INFORMATION PROVIDED:
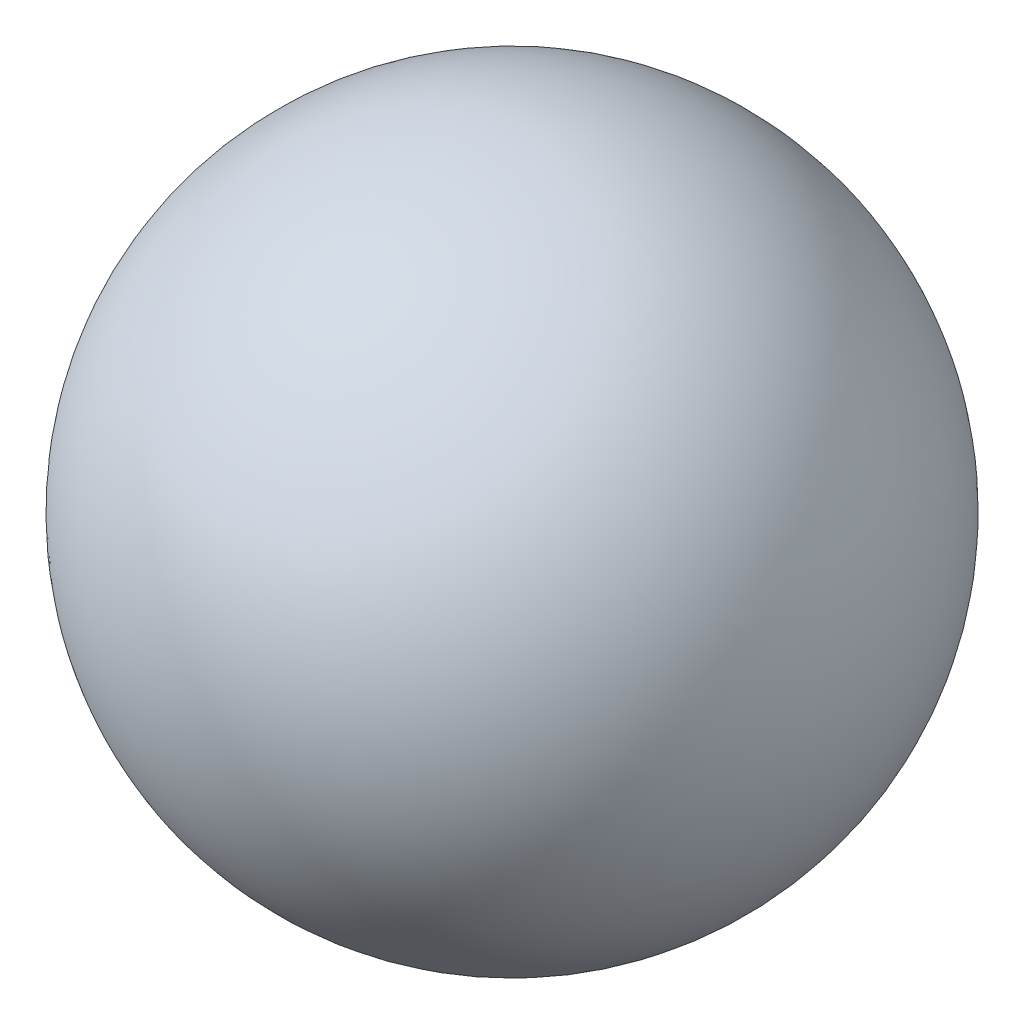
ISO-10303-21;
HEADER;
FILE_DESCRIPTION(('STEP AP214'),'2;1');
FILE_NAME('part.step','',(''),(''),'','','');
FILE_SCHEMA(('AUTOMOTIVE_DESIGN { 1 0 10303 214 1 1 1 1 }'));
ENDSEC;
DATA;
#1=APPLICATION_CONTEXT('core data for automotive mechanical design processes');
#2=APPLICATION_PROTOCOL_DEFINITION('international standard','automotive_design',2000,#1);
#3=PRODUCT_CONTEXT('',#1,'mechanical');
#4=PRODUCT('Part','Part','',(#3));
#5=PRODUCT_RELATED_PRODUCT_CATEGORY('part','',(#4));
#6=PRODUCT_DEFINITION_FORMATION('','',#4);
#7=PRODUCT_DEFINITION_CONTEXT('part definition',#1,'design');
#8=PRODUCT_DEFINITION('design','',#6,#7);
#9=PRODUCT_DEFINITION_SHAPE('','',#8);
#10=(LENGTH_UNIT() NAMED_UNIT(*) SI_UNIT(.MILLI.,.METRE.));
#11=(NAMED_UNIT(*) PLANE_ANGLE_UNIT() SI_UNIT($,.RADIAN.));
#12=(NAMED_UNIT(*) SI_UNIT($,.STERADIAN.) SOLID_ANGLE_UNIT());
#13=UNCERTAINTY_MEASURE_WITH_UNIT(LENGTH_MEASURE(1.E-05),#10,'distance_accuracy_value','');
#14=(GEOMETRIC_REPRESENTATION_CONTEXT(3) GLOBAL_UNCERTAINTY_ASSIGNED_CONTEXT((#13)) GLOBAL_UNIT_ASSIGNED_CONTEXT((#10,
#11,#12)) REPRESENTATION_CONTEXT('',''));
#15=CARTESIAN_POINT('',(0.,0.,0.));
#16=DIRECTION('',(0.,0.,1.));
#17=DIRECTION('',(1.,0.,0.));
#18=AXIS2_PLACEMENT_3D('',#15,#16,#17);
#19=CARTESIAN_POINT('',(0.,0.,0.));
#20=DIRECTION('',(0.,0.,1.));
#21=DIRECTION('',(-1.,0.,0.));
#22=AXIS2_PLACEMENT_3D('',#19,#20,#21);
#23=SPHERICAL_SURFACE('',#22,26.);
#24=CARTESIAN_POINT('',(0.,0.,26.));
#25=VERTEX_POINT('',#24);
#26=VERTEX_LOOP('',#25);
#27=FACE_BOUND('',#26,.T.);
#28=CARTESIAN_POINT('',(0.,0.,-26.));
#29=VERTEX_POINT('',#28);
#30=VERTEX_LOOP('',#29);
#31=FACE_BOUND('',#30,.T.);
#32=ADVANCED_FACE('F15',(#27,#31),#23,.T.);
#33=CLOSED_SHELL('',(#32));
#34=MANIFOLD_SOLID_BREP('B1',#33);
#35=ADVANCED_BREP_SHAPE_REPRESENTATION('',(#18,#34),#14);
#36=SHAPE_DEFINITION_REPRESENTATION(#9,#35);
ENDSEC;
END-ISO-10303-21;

PROBLEM TO WORK ON:
Repeat the listing verbatim. Skip the pictures.

FINISHED EXERCISE:
ISO-10303-21;
HEADER;
FILE_DESCRIPTION(('STEP AP214'),'2;1');
FILE_NAME('part.step','',(''),(''),'','','');
FILE_SCHEMA(('AUTOMOTIVE_DESIGN { 1 0 10303 214 1 1 1 1 }'));
ENDSEC;
DATA;
#1=APPLICATION_CONTEXT('core data for automotive mechanical design processes');
#2=APPLICATION_PROTOCOL_DEFINITION('international standard','automotive_design',2000,#1);
#3=PRODUCT_CONTEXT('',#1,'mechanical');
#4=PRODUCT('Part','Part','',(#3));
#5=PRODUCT_RELATED_PRODUCT_CATEGORY('part','',(#4));
#6=PRODUCT_DEFINITION_FORMATION('','',#4);
#7=PRODUCT_DEFINITION_CONTEXT('part definition',#1,'design');
#8=PRODUCT_DEFINITION('design','',#6,#7);
#9=PRODUCT_DEFINITION_SHAPE('','',#8);
#10=(LENGTH_UNIT() NAMED_UNIT(*) SI_UNIT(.MILLI.,.METRE.));
#11=(NAMED_UNIT(*) PLANE_ANGLE_UNIT() SI_UNIT($,.RADIAN.));
#12=(NAMED_UNIT(*) SI_UNIT($,.STERADIAN.) SOLID_ANGLE_UNIT());
#13=UNCERTAINTY_MEASURE_WITH_UNIT(LENGTH_MEASURE(1.E-05),#10,'distance_accuracy_value','');
#14=(GEOMETRIC_REPRESENTATION_CONTEXT(3) GLOBAL_UNCERTAINTY_ASSIGNED_CONTEXT((#13)) GLOBAL_UNIT_ASSIGNED_CONTEXT((#10,
#11,#12)) REPRESENTATION_CONTEXT('',''));
#15=CARTESIAN_POINT('',(0.,0.,0.));
#16=DIRECTION('',(0.,0.,1.));
#17=DIRECTION('',(1.,0.,0.));
#18=AXIS2_PLACEMENT_3D('',#15,#16,#17);
#19=CARTESIAN_POINT('',(0.,0.,0.));
#20=DIRECTION('',(0.,0.,1.));
#21=DIRECTION('',(-1.,0.,0.));
#22=AXIS2_PLACEMENT_3D('',#19,#20,#21);
#23=SPHERICAL_SURFACE('',#22,26.);
#24=CARTESIAN_POINT('',(0.,0.,26.));
#25=VERTEX_POINT('',#24);
#26=VERTEX_LOOP('',#25);
#27=FACE_BOUND('',#26,.T.);
#28=CARTESIAN_POINT('',(0.,0.,-26.));
#29=VERTEX_POINT('',#28);
#30=VERTEX_LOOP('',#29);
#31=FACE_BOUND('',#30,.T.);
#32=ADVANCED_FACE('F15',(#27,#31),#23,.T.);
#33=CLOSED_SHELL('',(#32));
#34=MANIFOLD_SOLID_BREP('B1',#33);
#35=ADVANCED_BREP_SHAPE_REPRESENTATION('',(#18,#34),#14);
#36=SHAPE_DEFINITION_REPRESENTATION(#9,#35);
ENDSEC;
END-ISO-10303-21;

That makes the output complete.